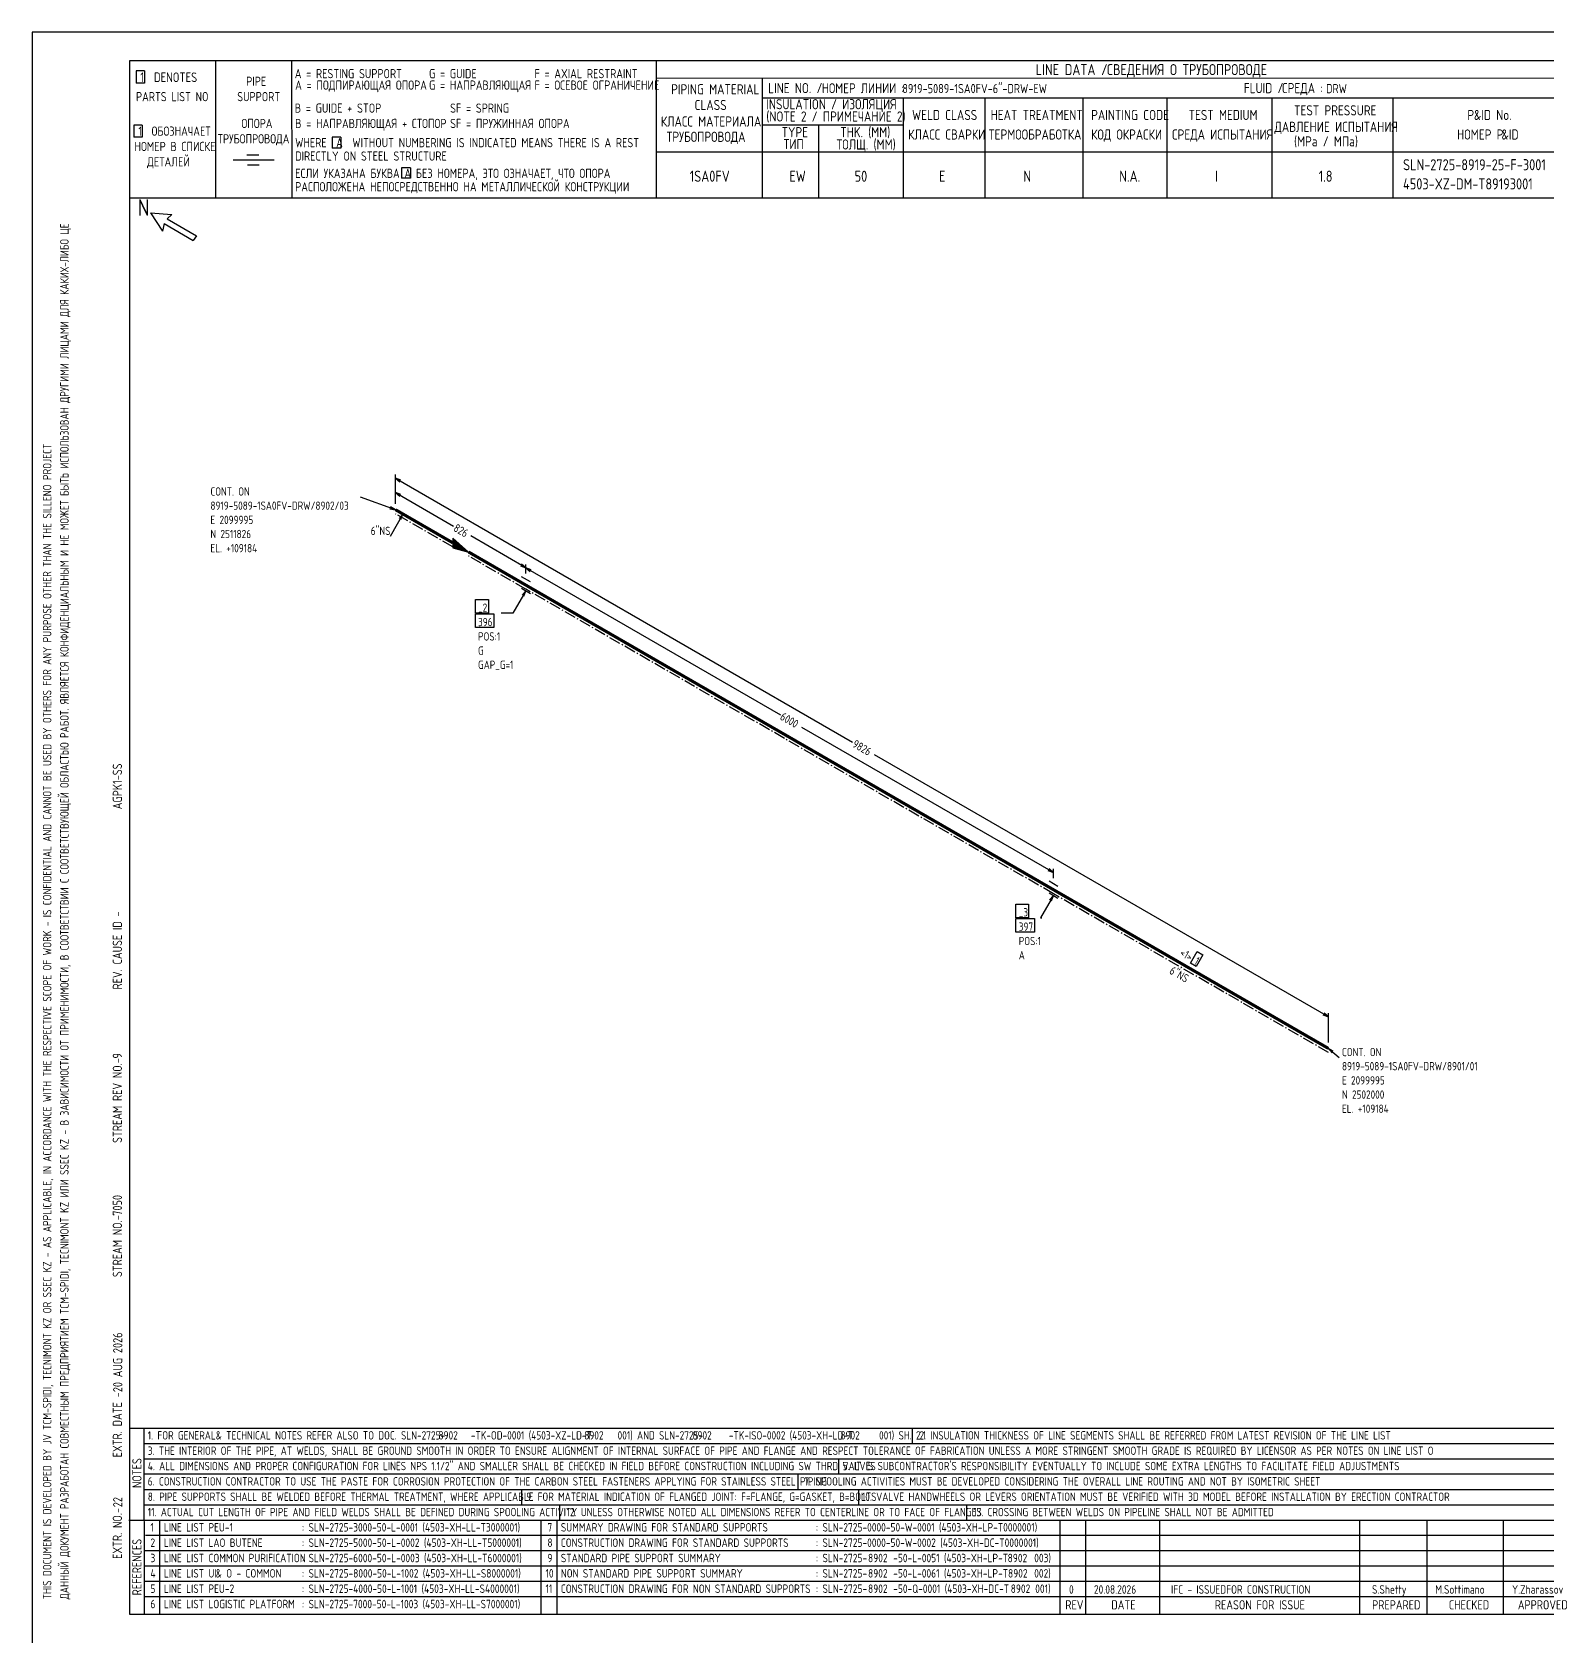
# Model space of a CAD drawing. Extents: x -1005 to 594, y -998 to 420.
# Drawn here: x 0 to 395.2, y 0 to 420 of the extents above; entities that cross this region are included whole.
import ezdxf

# ---------------------------------------------------------------- set-up
doc = ezdxf.new("R2010")
doc.units = 0
doc.linetypes.add('GT111', pattern=[4.5, 3, -0.6, 0.3, -0.6])
doc.styles.add('TTFN17', font='GOST type A')

msp = doc.modelspace()

# ---------------------------------------------------------------- linework, layer by layer
at = {"layer": 'GT_1', "flags": 128}
for points in [[(0, 420), (0, 0)], [(594, 420), (0, 420)], [(589.1, 412.5), (25.4, 412.5)], [(25.4, 412.5), (25.4, 7.5)], [(47.8, 412.5), (47.8, 376.7)], [(67.6, 412.5), (67.7, 376.7)], [(162.7, 412.5), (162.7, 376.7)], [(29.3, 409.9), (27.1, 409.9)], [(27.1, 409.9), (27.1, 406.7)], [(29.3, 409.9), (29.3, 406.7)], [(589.1, 408), (162.7, 407.9)], [(190.3, 407.8), (190.3, 376.7)], [(29.3, 406.7), (27.1, 406.7)], [(190.3, 402.9), (402.7, 402.9)], [(227.1, 402.9), (227.1, 376.7)], [(248.4, 402.9), (248.4, 376.8)], [(273.9, 402.9), (273.9, 376.7)], [(295.8, 402.9), (295.8, 376.7)], [(323.2, 402.9), (323.2, 376.7)], [(354.8, 402.9), (354.8, 376.8)], [(28.7, 395.8), (26.5, 395.8)], [(26.5, 395.8), (26.5, 392.6)], [(28.7, 395.8), (28.7, 392.6)], [(227.1, 395.8), (190.3, 395.8)], [(205, 395.8), (205, 376.7)], [(28.7, 392.6), (26.5, 392.6)], [(80.5, 392.6), (78.2, 392.6)], [(78.2, 392.6), (78.2, 389.8)], [(80.5, 392.6), (80.5, 389.8)], [(63.1, 386.6), (52.4, 386.6)], [(59.1, 387.9), (56, 387.9)], [(80.5, 389.8), (78.2, 389.8)], [(230.2, 388.7), (162.7, 388.7)], [(402.7, 388.7), (226.9, 388.7)], [(59.2, 385.3), (56.1, 385.3)], [(98.6, 384.6), (96.3, 384.6)], [(96.3, 384.6), (96.3, 381.9)], [(98.6, 384.6), (98.6, 381.9)], [(98.6, 381.9), (96.3, 381.9)], [(402.7, 376.7), (25.4, 376.7)], [(30.8, 372.9), (34, 368.1)], [(30.8, 372.9), (36.4, 372.5)], [(34.4, 370.1), (34, 368.1)], [(34.4, 370.1), (42, 365.7)], [(36.4, 372.5), (35.2, 371.3)], [(35.2, 371.3), (42.8, 366.9)], [(42.8, 366.9), (42, 365.7)], [(94.72, 296.98), (94.72, 304.62)], [(96.15, 303.2), (94.72, 303.73), (95.85, 302.75)], [(94.72, 303.73), (213.9, 234.88)], [(94.72, 295.48), (85.58, 298.77)], [(94.72, 296.98), (94.72, 300.88)], [(96.15, 299.45), (94.72, 299.98), (95.85, 299)], [(94.72, 299.98), (109.88, 291.2)], [(93.22, 295.7), (94.72, 295.48), (93.45, 296.23)], [(96.67, 294.35), (93.3, 288.5)], [(96.15, 292.93), (96.67, 294.35), (95.7, 293.23)], [(109.65, 286.85), (109.65, 285.5), (113.78, 284.45), (109.65, 288.05), (109.65, 285.65), (113.4, 284.68), (109.65, 287.98), (109.65, 285.88), (112.95, 284.9), (109.65, 287.75), (109.65, 286.02), (112.58, 285.2), (109.65, 287.6), (109.65, 286.18), (112.2, 285.35), (109.65, 287.45), (109.65, 286.32), (111.75, 285.65), (109.65, 287.3), (109.65, 286.55), (111.45, 285.8), (109.65, 287.07), (109.65, 286.7), (111, 286.1), (109.65, 286.93), (109.65, 286.85), (113.78, 284.45)], [(128.7, 280.32), (114.38, 288.65)], [(127.28, 280.85), (128.7, 280.32), (127.58, 281.3)], [(129.9, 276.65), (127.58, 278)], [(128.7, 278.82), (128.7, 281.23)], [(128.7, 278.82), (128.7, 281.23)], [(130.12, 279.8), (128.7, 280.32), (129.82, 279.35)], [(128.7, 280.32), (195.07, 242)], [(128.7, 274.32), (125.33, 268.48), (122.25, 268.48)], [(127.58, 275), (129.9, 273.65)], [(128.18, 272.9), (128.7, 274.32), (127.72, 273.2)], [(115.58, 272.07), (118.95, 272.07), (118.95, 268.48), (115.58, 268.48), (115.58, 272.07)], [(115.58, 268.32), (120.38, 268.32), (120.38, 264.73), (115.58, 264.73), (115.58, 268.32)], [(266.25, 200.9), (200.7, 238.7)], [(337.95, 163.25), (219.6, 231.57)], [(264.82, 201.43), (266.25, 200.9), (265.12, 201.88)], [(266.25, 199.4), (266.25, 201.8)], [(267.45, 197.22), (265.12, 198.57)], [(266.25, 194.9), (262.88, 189.05), (263.25, 189.05)], [(265.12, 195.57), (267.45, 194.22)], [(265.73, 193.47), (266.25, 194.9), (265.27, 193.78)], [(256.5, 192.65), (259.73, 192.65), (259.73, 189.05), (256.5, 189.05), (256.5, 192.65)], [(256.5, 188.9), (261.3, 188.9), (261.3, 185.3), (256.5, 185.3), (256.5, 188.9)], [(303.75, 180.28), (305.25, 179.38), (303.45, 176.38), (302.02, 177.2), (303.75, 180.28)], [(336.52, 163.78), (337.95, 163.25), (336.82, 164.22)], [(337.95, 156.5), (337.95, 164.15)], [(339.23, 154.25), (337.95, 155), (338.93, 153.88)], [(337.95, 155), (340.8, 152.6)], [(25.3, 56), (402.7, 56)], [(29.1, 56), (29.2, 7.5)], [(229.4, 56), (229.4, 52)], [(29.1, 52), (402.7, 52)], [(29.1, 48), (402.7, 48)], [(210.2, 48), (210.2, 44)], [(402.7, 44), (29.1, 44)], [(199.6, 44), (199.6, 40)], [(29.2, 40), (402.7, 40)], [(127.6, 40), (127.6, 36)], [(215.4, 40), (215.4, 36)], [(29.1, 36), (402.7, 36)], [(137.5, 36), (137.5, 32)], [(243.6, 36), (243.6, 32)], [(25.2, 32), (402.7, 32)], [(33.2, 32), (33.2, 7.6)], [(132.6, 32), (132.6, 7.6)], [(136.8, 32), (136.8, 7.6)], [(267.9, 32), (267.9, 7.5)], [(274.6, 32), (274.6, 7.5)], [(293.9, 32), (293.9, 7.5)], [(346.1, 32), (346.1, 7.5)], [(363.6, 32), (363.6, 7.5)], [(383.5, 32), (383.5, 7.5)], [(402.7, 28), (29.5, 28)], [(402.7, 24), (29.1, 24)], [(402.7, 20), (29.1, 20)], [(402.7, 16), (29.1, 16)], [(402.7, 12), (29.2, 12)], [(25.4, 7.5), (589.1, 7.5)], [(0, 0), (0, 0)]]:
    msp.add_lwpolyline(points, dxfattribs=at)
at = {"layer": 'GT_1', "const_width": 0.8, "flags": 128}
for points in [[(94.72, 295.48), (109.65, 286.85)], [(113.78, 284.45), (128.7, 275.82)], [(128.7, 275.82), (266.25, 196.4)], [(266.25, 196.4), (337.95, 155)]]:
    msp.add_lwpolyline(points, dxfattribs=at)
at = {"layer": 'GT_1', "linetype": 'GT111', "flags": 128}
for points in [[(109.65, 285.8), (94.72, 294.43)], [(128.7, 274.77), (113.78, 283.4)], [(266.25, 195.35), (128.7, 274.77)], [(337.95, 153.95), (266.25, 195.35)]]:
    msp.add_lwpolyline(points, dxfattribs=at)

# ---------------------------------------------------------------- texts
at = {"layer": 'GT_1', "style": 'TTFN17'}
for s, height, p in [('LINE DATA /', 2.8875, (261.63, 408.8)), ('СВЕДЕНИЯ О ТРУБОПРОВОДЕ', 2.8875, (280.23, 408.8)), (' 1  DENOTES', 2.5025, (26.88, 407)), (' PIPE', 2.406, (54.56, 406)), ('A = RESTING SUPPORT', 2.4062, (68.46, 408)), ('A = ПОДПИРАЮЩАЯ ОПОРА', 2.4062, (68.56, 405)), ('G = GUIDE', 2.406, (103.46, 408)), ('G = НАПРАВЛЯЮЩАЯ', 2.4062, (103.46, 405)), ('F = AXIAL RESTRAINT', 2.4062, (130.96, 408)), ('F = ОСЕВОЕ ОГРАНИЧЕНИЕ', 2.4062, (130.96, 405)), ('PARTS LIST NO', 2.4062, (27.06, 402)), ('SUPPORT', 2.406, (53.46, 402)), ('PIPING MATERIAL', 2.6469, (166.6, 403.8)), ('LINE NO. /', 2.647, (191.9, 404.1)), ('НОМЕР ЛИНИИ :', 2.5987, (205.89, 404.1)), ('8919-5089-1SA0FV-6"-DRW-EW', 2.4062, (226.86, 404.1)), ('FLUID /', 2.647, (315.9, 404.1)), ('СРЕДА :', 2.647, (325.9, 404.1)), ('DRW', 2.406, (337.36, 404.1)), ('B = GUIDE + STOP', 2.4062, (68.46, 399)), ('SF = SPRING', 2.4062, (108.96, 399)), ('CLASS', 2.647, (172.7, 399.7)), ('(NOTE 2 / ПРИМЕЧАНИЕ 2)', 2.6469, (191.4, 396.7)), ('INSULATION / ИЗОЛЯЦИЯ', 2.6469, (191.4, 399.9)), ('WELD CLASS', 2.647, (229.4, 397.1)), ('HEAT TREATMENT', 2.6469, (249.9, 397.1)), ('PAINTING CODE', 2.6469, (276.1, 397.1)), ('TEST MEDIUM', 2.6469, (301.5, 397.1)), ('TEST PRESSURE', 2.6469, (329, 398.3)), ('P', 2.65, (374.2, 397.1)), ('&ID No.', 2.647, (375.91, 397.1)), (' 1  ОБОЗНАЧАЕТ', 2.4062, (26.46, 393)), ('ОПОРА', 2.406, (54.56, 395)), ('B = НАПРАВЛЯЮЩАЯ + СТОПОР', 2.4062, (68.56, 395)), ('SF = ПРУЖИННАЯ ОПОРА', 2.4062, (108.96, 395)), ('КЛАСС МАТЕРИАЛА', 2.6469, (163.9, 395.4)), ('TYPE', 2.647, (195.4, 392.6)), ('THK. (MM)', 2.647, (210.7, 392.6)), ('ДАВЛЕНИЕ ИСПЫТАНИЯ', 2.6469, (323.9, 394)), ('НОМЕР В СПИСКЕ', 2.4062, (26.66, 389)), ('ТРУБОПРОВОДА', 2.4062, (48.36, 391)), ('WHERE  A  WITHOUT NUMBERING IS INDICATED MEANS THERE IS A REST', 2.4062, (68.56, 390)), ('ТРУБОПРОВОДА', 2.6469, (165.4, 391.4)), ('ТИП', 2.647, (195.9, 389.5)), ('ТОЛЩ. (ММ)', 2.647, (209.7, 389.4)), ('КЛАСС СВАРКИ', 2.6469, (228.4, 392)), ('ТЕРМООБРАБОТКА', 2.6469, (249.4, 392)), ('КОД ОКРАСКИ', 2.6469, (276.1, 392)), ('СРЕДА ИСПЫТАНИЯ', 2.6469, (297.2, 392)), ('(MPa / МПа)', 2.6469, (329, 390.2)), ('НОМЕР P', 2.647, (371.5, 392)), ('&ID', 2.647, (383.1, 392)), ('ДЕТАЛЕЙ', 2.406, (29.96, 385)), ('DIRECTLY ON STEEL STRUCTURE', 2.4062, (68.56, 386.5)), ('SLN-2725-8919-25-F-3001', 2.8875, (357.43, 384)), ('ЕСЛИ УКАЗАНА БУКВА A БЕЗ НОМЕРА, ЭТО ОЗНАЧАЕТ, ЧТО ОПОРА', 2.4062, (68.56, 382)), ('1SA0FV', 2.888, (171.43, 381)), ('EW', 2.888, (197.43, 381)), ('50', 2.888, (214.43, 381)), ('E', 2.89, (236.43, 381)), ('N', 2.89, (258.43, 381)), ('N.A.', 2.888, (283.43, 381)), ('I', 2.89, (308.43, 381)), ('1.8', 2.888, (335.43, 381)), ('РАСПОЛОЖЕНА НЕПОСРЕДСТВЕННО НА МЕТАЛЛИЧЕСКОЙ КОНСТРУКЦИИ', 2.4062, (68.56, 378.5)), ('4503-XZ-DM-T89193001', 2.8875, (357.43, 379)), ('N', 4.33, (27.55, 372.1)), ('CONT. ON', 2.166, (46.47, 299.15)), ('8919-5089-1SA0FV-DRW/8902/03', 2.1656, (46.47, 295.45)), ('E 2099995', 2.166, (46.47, 291.75)), ('N 2511826', 2.166, (46.47, 288.06)), ('6"NS', 2.166, (88.27, 288.88)), ('EL. +109184', 2.1656, (46.47, 284.36)), ('_2', 2.166, (116.25, 268.85)), ('396', 2.166, (116.25, 265.1)), ('POS:1', 2.166, (116.25, 261.35)), ('G', 2.17, (116.25, 257.65)), ('GAP_G=1', 2.166, (116.25, 253.96)), ('_3', 2.166, (257.23, 189.43)), ('397', 2.166, (257.23, 185.68)), ('POS:1', 2.166, (257.23, 181.93)), ('A', 2.17, (257.23, 178.23)), ('CONT. ON', 2.166, (341.5, 152.97)), ('8919-5089-1SA0FV-DRW/8901/01', 2.1656, (341.5, 149.28)), ('E 2099995', 2.166, (341.5, 145.58)), ('N 2502000', 2.166, (341.5, 141.88)), ('EL. +109184', 2.1656, (341.5, 138.19)), ('1. FOR GENERAL', 2.1849, (30.13, 53)), ('& TECHNICAL NOTES REFER ALSO TO DOC. SLN-2725-      -TK-OD-0001 (4503-XZ-LD-T      001) AND SLN-2725-      -TK-ISO-0002 (4503-XH-LD-T      001) SH. 2.1', 2.18487, (47.87, 53)), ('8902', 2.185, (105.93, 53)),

YOUR ASSIGNMENT. Repeat only the lines between the start of the data and the line with "import ezdxf", including those two lines, and skip the pictures.

PROBLEM SOLUTION.
# Model space of a CAD drawing. Extents: x -1005 to 594, y -998 to 420.
# Drawn here: x 0 to 395.2, y 0 to 420 of the extents above; entities that cross this region are included whole.
import ezdxf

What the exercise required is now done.